| WHAT YOU ARE ASKED TO DO |
With the pictures set aside, return the lines below exactly, beginning at the first and ending at the line containing "#50=AXIS2_PLACEMENT_3D('',#47,#48,#49);".

| EXERCISE INPUT |
---*---

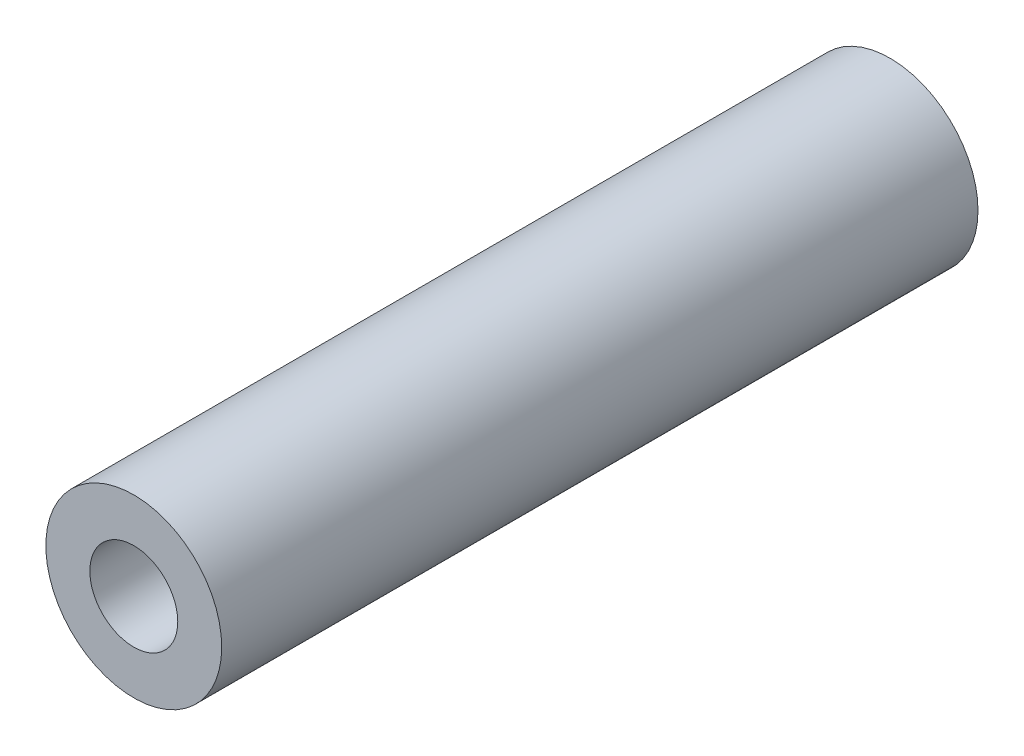
ISO-10303-21;
HEADER;
FILE_DESCRIPTION(('STEP AP214'),'2;1');
FILE_NAME('part.step','',(''),(''),'','','');
FILE_SCHEMA(('AUTOMOTIVE_DESIGN { 1 0 10303 214 1 1 1 1 }'));
ENDSEC;
DATA;
#1=APPLICATION_CONTEXT('core data for automotive mechanical design processes');
#2=APPLICATION_PROTOCOL_DEFINITION('international standard','automotive_design',2000,#1);
#3=PRODUCT_CONTEXT('',#1,'mechanical');
#4=PRODUCT('Part','Part','',(#3));
#5=PRODUCT_RELATED_PRODUCT_CATEGORY('part','',(#4));
#6=PRODUCT_DEFINITION_FORMATION('','',#4);
#7=PRODUCT_DEFINITION_CONTEXT('part definition',#1,'design');
#8=PRODUCT_DEFINITION('design','',#6,#7);
#9=PRODUCT_DEFINITION_SHAPE('','',#8);
#10=(LENGTH_UNIT() NAMED_UNIT(*) SI_UNIT(.MILLI.,.METRE.));
#11=(NAMED_UNIT(*) PLANE_ANGLE_UNIT() SI_UNIT($,.RADIAN.));
#12=(NAMED_UNIT(*) SI_UNIT($,.STERADIAN.) SOLID_ANGLE_UNIT());
#13=UNCERTAINTY_MEASURE_WITH_UNIT(LENGTH_MEASURE(1.E-05),#10,'distance_accuracy_value','');
#14=(GEOMETRIC_REPRESENTATION_CONTEXT(3) GLOBAL_UNCERTAINTY_ASSIGNED_CONTEXT((#13)) GLOBAL_UNIT_ASSIGNED_CONTEXT((#10,
#11,#12)) REPRESENTATION_CONTEXT('',''));
#15=CARTESIAN_POINT('',(0.,0.,0.));
#16=DIRECTION('',(0.,0.,1.));
#17=DIRECTION('',(1.,0.,0.));
#18=AXIS2_PLACEMENT_3D('',#15,#16,#17);
#19=CARTESIAN_POINT('',(0.,0.,43.));
#20=DIRECTION('',(0.,0.,-1.));
#21=DIRECTION('',(-1.,0.,0.));
#22=AXIS2_PLACEMENT_3D('',#19,#20,#21);
#23=CYLINDRICAL_SURFACE('',#22,5.);
#24=CARTESIAN_POINT('',(0.,0.,43.));
#25=DIRECTION('',(0.,0.,1.));
#26=DIRECTION('',(1.,0.,0.));
#27=AXIS2_PLACEMENT_3D('',#24,#25,#26);
#28=CIRCLE('',#27,5.);
#29=CARTESIAN_POINT('',(5.,0.,43.));
#30=VERTEX_POINT('',#29);
#31=EDGE_CURVE('E10',#30,#30,#28,.T.);
#32=ORIENTED_EDGE('',*,*,#31,.F.);
#33=EDGE_LOOP('',(#32));
#34=FACE_BOUND('',#33,.T.);
#35=CARTESIAN_POINT('',(0.,0.,0.));
#36=DIRECTION('',(0.,0.,1.));
#37=DIRECTION('',(1.,0.,0.));
#38=AXIS2_PLACEMENT_3D('',#35,#36,#37);
#39=CIRCLE('',#38,5.);
#40=CARTESIAN_POINT('',(5.,0.,0.));
#41=VERTEX_POINT('',#40);
#42=EDGE_CURVE('E42',#41,#41,#39,.T.);
#43=ORIENTED_EDGE('',*,*,#42,.T.);
#44=EDGE_LOOP('',(#43));
#45=FACE_BOUND('',#44,.T.);
#46=ADVANCED_FACE('F39',(#34,#45),#23,.T.);
#47=CARTESIAN_POINT('',(0.,0.,43.));
#48=DIRECTION('',(0.,0.,1.));
#49=DIRECTION('',(1.,0.,0.));
#50=AXIS2_PLACEMENT_3D('',#47,#48,#49);
#51=PLANE('',#50);
#52=CARTESIAN_POINT('',(0.,0.,43.));
#53=DIRECTION('',(0.,0.,1.));
#54=DIRECTION('',(1.,0.,0.));
#55=AXIS2_PLACEMENT_3D('',#52,#53,#54);
#56=CIRCLE('',#55,2.5);
#57=CARTESIAN_POINT('',(2.5,0.,43.));
#58=VERTEX_POINT('',#57);
#59=EDGE_CURVE('E53',#58,#58,#56,.T.);
#60=ORIENTED_EDGE('',*,*,#59,.F.);
#61=EDGE_LOOP('',(#60));
#62=FACE_BOUND('',#61,.T.);
#63=ORIENTED_EDGE('',*,*,#31,.T.);
#64=EDGE_LOOP('',(#63));
#65=FACE_BOUND('',#64,.T.);
#66=ADVANCED_FACE('F70',(#62,#65),#51,.T.);
#67=CARTESIAN_POINT('',(0.,0.,0.));
#68=DIRECTION('',(0.,0.,1.));
#69=DIRECTION('',(1.,0.,0.));
#70=AXIS2_PLACEMENT_3D('',#67,#68,#69);
#71=PLANE('',#70);
#72=ORIENTED_EDGE('',*,*,#42,.F.);
#73=EDGE_LOOP('',(#72));
#74=FACE_BOUND('',#73,.T.);
#75=ADVANCED_FACE('F66',(#74),#71,.F.);
#76=CARTESIAN_POINT('',(0.,0.,3.));
#77=DIRECTION('',(0.,0.,1.));
#78=DIRECTION('',(1.,0.,0.));
#79=AXIS2_PLACEMENT_3D('',#76,#77,#78);
#80=CYLINDRICAL_SURFACE('',#79,2.5);
#81=CARTESIAN_POINT('',(0.,0.,3.));
#82=DIRECTION('',(0.,0.,1.));
#83=DIRECTION('',(1.,0.,0.));
#84=AXIS2_PLACEMENT_3D('',#81,#82,#83);
#85=CIRCLE('',#84,2.5);
#86=CARTESIAN_POINT('',(2.5,0.,3.));
#87=VERTEX_POINT('',#86);
#88=EDGE_CURVE('E51',#87,#87,#85,.T.);
#89=ORIENTED_EDGE('',*,*,#88,.F.);
#90=EDGE_LOOP('',(#89));
#91=FACE_BOUND('',#90,.T.);
#92=ORIENTED_EDGE('',*,*,#59,.T.);
#93=EDGE_LOOP('',(#92));
#94=FACE_BOUND('',#93,.T.);
#95=ADVANCED_FACE('F63',(#91,#94),#80,.F.);
#96=CARTESIAN_POINT('',(0.,0.,3.));
#97=DIRECTION('',(0.,0.,1.));
#98=DIRECTION('',(1.,0.,0.));
#99=AXIS2_PLACEMENT_3D('',#96,#97,#98);
#100=PLANE('',#99);
#101=ORIENTED_EDGE('',*,*,#88,.T.);
#102=EDGE_LOOP('',(#101));
#103=FACE_BOUND('',#102,.T.);
#104=ADVANCED_FACE('F61',(#103),#100,.T.);
#105=CLOSED_SHELL('',(#46,#66,#75,#95,#104));
#106=MANIFOLD_SOLID_BREP('B2',#105);
#107=ADVANCED_BREP_SHAPE_REPRESENTATION('',(#18,#106),#14);
#108=SHAPE_DEFINITION_REPRESENTATION(#9,#107);
ENDSEC;
END-ISO-10303-21;

---*---

| YOUR SOLUTION |
ISO-10303-21;
HEADER;
FILE_DESCRIPTION(('STEP AP214'),'2;1');
FILE_NAME('part.step','',(''),(''),'','','');
FILE_SCHEMA(('AUTOMOTIVE_DESIGN { 1 0 10303 214 1 1 1 1 }'));
ENDSEC;
DATA;
#1=APPLICATION_CONTEXT('core data for automotive mechanical design processes');
#2=APPLICATION_PROTOCOL_DEFINITION('international standard','automotive_design',2000,#1);
#3=PRODUCT_CONTEXT('',#1,'mechanical');
#4=PRODUCT('Part','Part','',(#3));
#5=PRODUCT_RELATED_PRODUCT_CATEGORY('part','',(#4));
#6=PRODUCT_DEFINITION_FORMATION('','',#4);
#7=PRODUCT_DEFINITION_CONTEXT('part definition',#1,'design');
#8=PRODUCT_DEFINITION('design','',#6,#7);
#9=PRODUCT_DEFINITION_SHAPE('','',#8);
#10=(LENGTH_UNIT() NAMED_UNIT(*) SI_UNIT(.MILLI.,.METRE.));
#11=(NAMED_UNIT(*) PLANE_ANGLE_UNIT() SI_UNIT($,.RADIAN.));
#12=(NAMED_UNIT(*) SI_UNIT($,.STERADIAN.) SOLID_ANGLE_UNIT());
#13=UNCERTAINTY_MEASURE_WITH_UNIT(LENGTH_MEASURE(1.E-05),#10,'distance_accuracy_value','');
#14=(GEOMETRIC_REPRESENTATION_CONTEXT(3) GLOBAL_UNCERTAINTY_ASSIGNED_CONTEXT((#13)) GLOBAL_UNIT_ASSIGNED_CONTEXT((#10,
#11,#12)) REPRESENTATION_CONTEXT('',''));
#15=CARTESIAN_POINT('',(0.,0.,0.));
#16=DIRECTION('',(0.,0.,1.));
#17=DIRECTION('',(1.,0.,0.));
#18=AXIS2_PLACEMENT_3D('',#15,#16,#17);
#19=CARTESIAN_POINT('',(0.,0.,43.));
#20=DIRECTION('',(0.,0.,-1.));
#21=DIRECTION('',(-1.,0.,0.));
#22=AXIS2_PLACEMENT_3D('',#19,#20,#21);
#23=CYLINDRICAL_SURFACE('',#22,5.);
#24=CARTESIAN_POINT('',(0.,0.,43.));
#25=DIRECTION('',(0.,0.,1.));
#26=DIRECTION('',(1.,0.,0.));
#27=AXIS2_PLACEMENT_3D('',#24,#25,#26);
#28=CIRCLE('',#27,5.);
#29=CARTESIAN_POINT('',(5.,0.,43.));
#30=VERTEX_POINT('',#29);
#31=EDGE_CURVE('E10',#30,#30,#28,.T.);
#32=ORIENTED_EDGE('',*,*,#31,.F.);
#33=EDGE_LOOP('',(#32));
#34=FACE_BOUND('',#33,.T.);
#35=CARTESIAN_POINT('',(0.,0.,0.));
#36=DIRECTION('',(0.,0.,1.));
#37=DIRECTION('',(1.,0.,0.));
#38=AXIS2_PLACEMENT_3D('',#35,#36,#37);
#39=CIRCLE('',#38,5.);
#40=CARTESIAN_POINT('',(5.,0.,0.));
#41=VERTEX_POINT('',#40);
#42=EDGE_CURVE('E42',#41,#41,#39,.T.);
#43=ORIENTED_EDGE('',*,*,#42,.T.);
#44=EDGE_LOOP('',(#43));
#45=FACE_BOUND('',#44,.T.);
#46=ADVANCED_FACE('F39',(#34,#45),#23,.T.);
#47=CARTESIAN_POINT('',(0.,0.,43.));
#48=DIRECTION('',(0.,0.,1.));
#49=DIRECTION('',(1.,0.,0.));
#50=AXIS2_PLACEMENT_3D('',#47,#48,#49);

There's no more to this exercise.